**DATASET EXTRACT:**
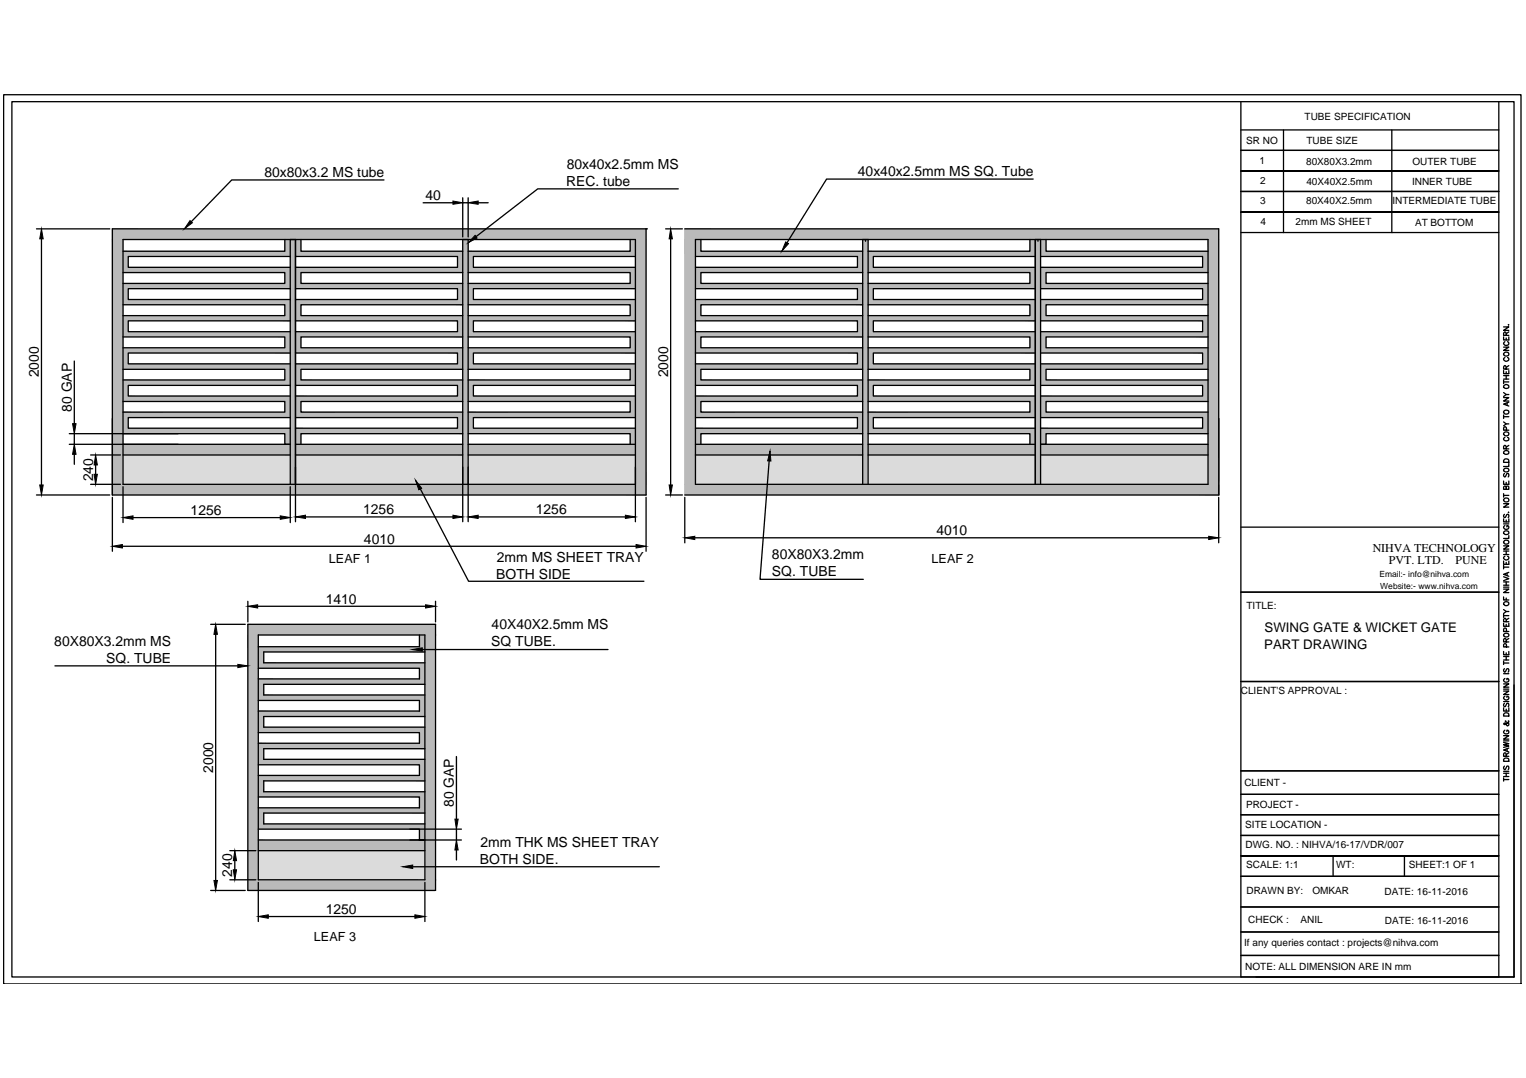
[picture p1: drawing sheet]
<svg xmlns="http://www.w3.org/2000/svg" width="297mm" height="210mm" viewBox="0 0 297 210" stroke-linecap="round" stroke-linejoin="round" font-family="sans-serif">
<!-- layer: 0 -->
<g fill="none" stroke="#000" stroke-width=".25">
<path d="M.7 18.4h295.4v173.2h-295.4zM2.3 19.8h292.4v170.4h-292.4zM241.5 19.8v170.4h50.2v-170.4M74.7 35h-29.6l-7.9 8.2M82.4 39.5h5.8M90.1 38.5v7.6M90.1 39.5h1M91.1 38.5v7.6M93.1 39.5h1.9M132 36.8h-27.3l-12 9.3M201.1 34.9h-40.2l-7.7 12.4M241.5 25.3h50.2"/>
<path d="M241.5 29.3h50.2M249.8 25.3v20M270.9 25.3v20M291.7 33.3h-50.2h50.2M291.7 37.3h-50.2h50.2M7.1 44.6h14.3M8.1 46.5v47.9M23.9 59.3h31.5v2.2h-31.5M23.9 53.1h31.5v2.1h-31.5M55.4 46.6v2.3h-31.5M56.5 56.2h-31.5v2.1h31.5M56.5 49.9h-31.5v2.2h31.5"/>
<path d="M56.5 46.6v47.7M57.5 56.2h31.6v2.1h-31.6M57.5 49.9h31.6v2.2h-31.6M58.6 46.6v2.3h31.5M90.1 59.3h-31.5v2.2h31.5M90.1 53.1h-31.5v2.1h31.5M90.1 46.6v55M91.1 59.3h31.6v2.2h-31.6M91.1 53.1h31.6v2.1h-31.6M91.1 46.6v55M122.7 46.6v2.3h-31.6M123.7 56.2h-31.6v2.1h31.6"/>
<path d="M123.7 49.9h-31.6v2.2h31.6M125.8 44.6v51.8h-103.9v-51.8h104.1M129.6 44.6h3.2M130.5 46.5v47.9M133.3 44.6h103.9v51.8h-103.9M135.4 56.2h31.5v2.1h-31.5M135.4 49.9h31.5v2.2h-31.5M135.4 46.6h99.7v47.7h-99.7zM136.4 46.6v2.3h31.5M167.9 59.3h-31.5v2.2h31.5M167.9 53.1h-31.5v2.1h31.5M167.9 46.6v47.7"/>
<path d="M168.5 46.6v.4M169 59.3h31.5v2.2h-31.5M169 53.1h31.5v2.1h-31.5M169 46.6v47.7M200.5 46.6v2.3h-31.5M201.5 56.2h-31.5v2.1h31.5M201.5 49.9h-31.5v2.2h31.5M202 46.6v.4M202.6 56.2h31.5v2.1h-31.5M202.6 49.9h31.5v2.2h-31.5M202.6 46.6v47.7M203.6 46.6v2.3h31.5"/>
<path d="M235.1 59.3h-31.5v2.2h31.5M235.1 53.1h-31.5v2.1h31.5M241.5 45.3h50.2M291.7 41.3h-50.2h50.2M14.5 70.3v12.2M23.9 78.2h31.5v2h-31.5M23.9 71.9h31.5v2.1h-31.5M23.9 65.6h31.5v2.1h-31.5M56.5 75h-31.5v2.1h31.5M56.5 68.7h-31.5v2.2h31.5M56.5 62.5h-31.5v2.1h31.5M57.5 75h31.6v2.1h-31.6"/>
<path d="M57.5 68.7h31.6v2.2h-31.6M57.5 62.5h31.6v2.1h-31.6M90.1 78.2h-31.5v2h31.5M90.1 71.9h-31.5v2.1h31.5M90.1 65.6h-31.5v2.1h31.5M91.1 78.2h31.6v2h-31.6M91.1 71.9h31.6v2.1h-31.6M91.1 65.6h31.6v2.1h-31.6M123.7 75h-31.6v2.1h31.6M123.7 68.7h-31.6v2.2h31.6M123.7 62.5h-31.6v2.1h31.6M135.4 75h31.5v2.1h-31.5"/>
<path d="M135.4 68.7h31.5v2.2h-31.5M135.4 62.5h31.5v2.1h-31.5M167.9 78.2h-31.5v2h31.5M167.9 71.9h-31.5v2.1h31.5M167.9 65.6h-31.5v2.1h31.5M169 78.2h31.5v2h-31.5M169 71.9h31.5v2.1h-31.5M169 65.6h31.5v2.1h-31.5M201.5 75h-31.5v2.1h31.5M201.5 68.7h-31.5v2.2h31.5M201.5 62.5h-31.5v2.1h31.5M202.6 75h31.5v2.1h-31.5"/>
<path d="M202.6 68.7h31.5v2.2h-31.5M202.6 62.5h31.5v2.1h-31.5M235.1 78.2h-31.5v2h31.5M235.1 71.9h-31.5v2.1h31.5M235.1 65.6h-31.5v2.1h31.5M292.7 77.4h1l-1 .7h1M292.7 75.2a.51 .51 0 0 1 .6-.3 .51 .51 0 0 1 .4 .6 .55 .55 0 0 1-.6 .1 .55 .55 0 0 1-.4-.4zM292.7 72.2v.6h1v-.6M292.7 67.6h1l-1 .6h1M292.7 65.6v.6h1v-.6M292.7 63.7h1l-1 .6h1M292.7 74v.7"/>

**EXERCISE DETAILS:**
Omit the pictures; set down each record exactly.

**RESPONSE AREA:**
[picture p1: drawing sheet]
<svg xmlns="http://www.w3.org/2000/svg" width="297mm" height="210mm" viewBox="0 0 297 210" stroke-linecap="round" stroke-linejoin="round" font-family="sans-serif">
<!-- layer: 0 -->
<g fill="none" stroke="#000" stroke-width=".25">
<path d="M.7 18.4h295.4v173.2h-295.4zM2.3 19.8h292.4v170.4h-292.4zM241.5 19.8v170.4h50.2v-170.4M74.7 35h-29.6l-7.9 8.2M82.4 39.5h5.8M90.1 38.5v7.6M90.1 39.5h1M91.1 38.5v7.6M93.1 39.5h1.9M132 36.8h-27.3l-12 9.3M201.1 34.9h-40.2l-7.7 12.4M241.5 25.3h50.2"/>
<path d="M241.5 29.3h50.2M249.8 25.3v20M270.9 25.3v20M291.7 33.3h-50.2h50.2M291.7 37.3h-50.2h50.2M7.1 44.6h14.3M8.1 46.5v47.9M23.9 59.3h31.5v2.2h-31.5M23.9 53.1h31.5v2.1h-31.5M55.4 46.6v2.3h-31.5M56.5 56.2h-31.5v2.1h31.5M56.5 49.9h-31.5v2.2h31.5"/>
<path d="M56.5 46.6v47.7M57.5 56.2h31.6v2.1h-31.6M57.5 49.9h31.6v2.2h-31.6M58.6 46.6v2.3h31.5M90.1 59.3h-31.5v2.2h31.5M90.1 53.1h-31.5v2.1h31.5M90.1 46.6v55M91.1 59.3h31.6v2.2h-31.6M91.1 53.1h31.6v2.1h-31.6M91.1 46.6v55M122.7 46.6v2.3h-31.6M123.7 56.2h-31.6v2.1h31.6"/>
<path d="M123.7 49.9h-31.6v2.2h31.6M125.8 44.6v51.8h-103.9v-51.8h104.1M129.6 44.6h3.2M130.5 46.5v47.9M133.3 44.6h103.9v51.8h-103.9M135.4 56.2h31.5v2.1h-31.5M135.4 49.9h31.5v2.2h-31.5M135.4 46.6h99.7v47.7h-99.7zM136.4 46.6v2.3h31.5M167.9 59.3h-31.5v2.2h31.5M167.9 53.1h-31.5v2.1h31.5M167.9 46.6v47.7"/>
<path d="M168.5 46.6v.4M169 59.3h31.5v2.2h-31.5M169 53.1h31.5v2.1h-31.5M169 46.6v47.7M200.5 46.6v2.3h-31.5M201.5 56.2h-31.5v2.1h31.5M201.5 49.9h-31.5v2.2h31.5M202 46.6v.4M202.6 56.2h31.5v2.1h-31.5M202.6 49.9h31.5v2.2h-31.5M202.6 46.6v47.7M203.6 46.6v2.3h31.5"/>
<path d="M235.1 59.3h-31.5v2.2h31.5M235.1 53.1h-31.5v2.1h31.5M241.5 45.3h50.2M291.7 41.3h-50.2h50.2M14.5 70.3v12.2M23.9 78.2h31.5v2h-31.5M23.9 71.9h31.5v2.1h-31.5M23.9 65.6h31.5v2.1h-31.5M56.5 75h-31.5v2.1h31.5M56.5 68.7h-31.5v2.2h31.5M56.5 62.5h-31.5v2.1h31.5M57.5 75h31.6v2.1h-31.6"/>
<path d="M57.5 68.7h31.6v2.2h-31.6M57.5 62.5h31.6v2.1h-31.6M90.1 78.2h-31.5v2h31.5M90.1 71.9h-31.5v2.1h31.5M90.1 65.6h-31.5v2.1h31.5M91.1 78.2h31.6v2h-31.6M91.1 71.9h31.6v2.1h-31.6M91.1 65.6h31.6v2.1h-31.6M123.7 75h-31.6v2.1h31.6M123.7 68.7h-31.6v2.2h31.6M123.7 62.5h-31.6v2.1h31.6M135.4 75h31.5v2.1h-31.5"/>
<path d="M135.4 68.7h31.5v2.2h-31.5M135.4 62.5h31.5v2.1h-31.5M167.9 78.2h-31.5v2h31.5M167.9 71.9h-31.5v2.1h31.5M167.9 65.6h-31.5v2.1h31.5M169 78.2h31.5v2h-31.5M169 71.9h31.5v2.1h-31.5M169 65.6h31.5v2.1h-31.5M201.5 75h-31.5v2.1h31.5M201.5 68.7h-31.5v2.2h31.5M201.5 62.5h-31.5v2.1h31.5M202.6 75h31.5v2.1h-31.5"/>
<path d="M202.6 68.7h31.5v2.2h-31.5M202.6 62.5h31.5v2.1h-31.5M235.1 78.2h-31.5v2h31.5M235.1 71.9h-31.5v2.1h31.5M235.1 65.6h-31.5v2.1h31.5M292.7 77.4h1l-1 .7h1M292.7 75.2a.51 .51 0 0 1 .6-.3 .51 .51 0 0 1 .4 .6 .55 .55 0 0 1-.6 .1 .55 .55 0 0 1-.4-.4zM292.7 72.2v.6h1v-.6M292.7 67.6h1l-1 .6h1M292.7 65.6v.6h1v-.6M292.7 63.7h1l-1 .6h1M292.7 74v.7"/>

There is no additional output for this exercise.